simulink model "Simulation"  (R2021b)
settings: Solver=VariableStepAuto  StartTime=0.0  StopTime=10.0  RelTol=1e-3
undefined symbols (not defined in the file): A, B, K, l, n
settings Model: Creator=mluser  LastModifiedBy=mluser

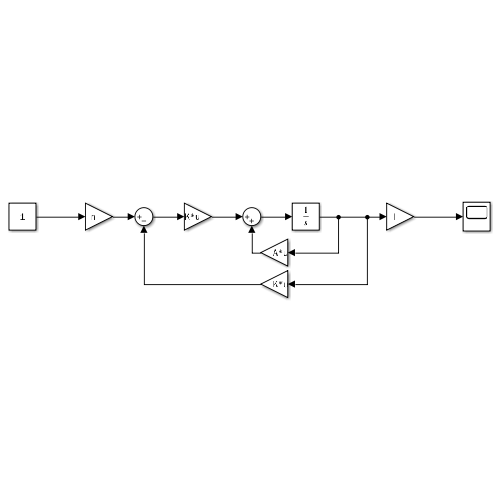
[thumbnail: Simulink's stored preview of the top-level diagram]
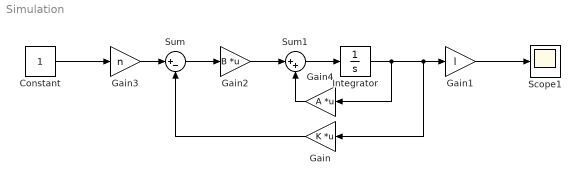
== system Simulation ==
  Constant : Constant
  Gain : Gain  Gain=K  Multiplication=Matrix(K*u)
  Gain1 : Gain  Gain=l
  Gain2 : Gain  Gain=B  Multiplication=Matrix(K*u)
  Gain3 : Gain  Gain=n
  Gain4 : Gain  Gain=A  Multiplication=Matrix(K*u)
  Integrator : Integrator
  Scope1 : Scope
  Sum : Sum  Inputs=|+-
  Sum1 : Sum  Inputs=|++
  wires:
  Sum/1 -> Gain2/1
  Gain/1 -> Sum/2
  Integrator/1 -> Gain4/1, Gain1/1, Gain/1
  Gain2/1 -> Sum1/1
  Sum1/1 -> Integrator/1
  Gain4/1 -> Sum1/2
  Gain1/1 -> Scope1/1
  Constant/1 -> Gain3/1
  Gain3/1 -> Sum/1

____________

◆ **What the exercise asks**
List every line in the records above that contains the word "Matrix".

◆ **Exercise output**
  Gain : Gain  Gain=K  Multiplication=Matrix(K*u)
  Gain2 : Gain  Gain=B  Multiplication=Matrix(K*u)
  Gain4 : Gain  Gain=A  Multiplication=Matrix(K*u)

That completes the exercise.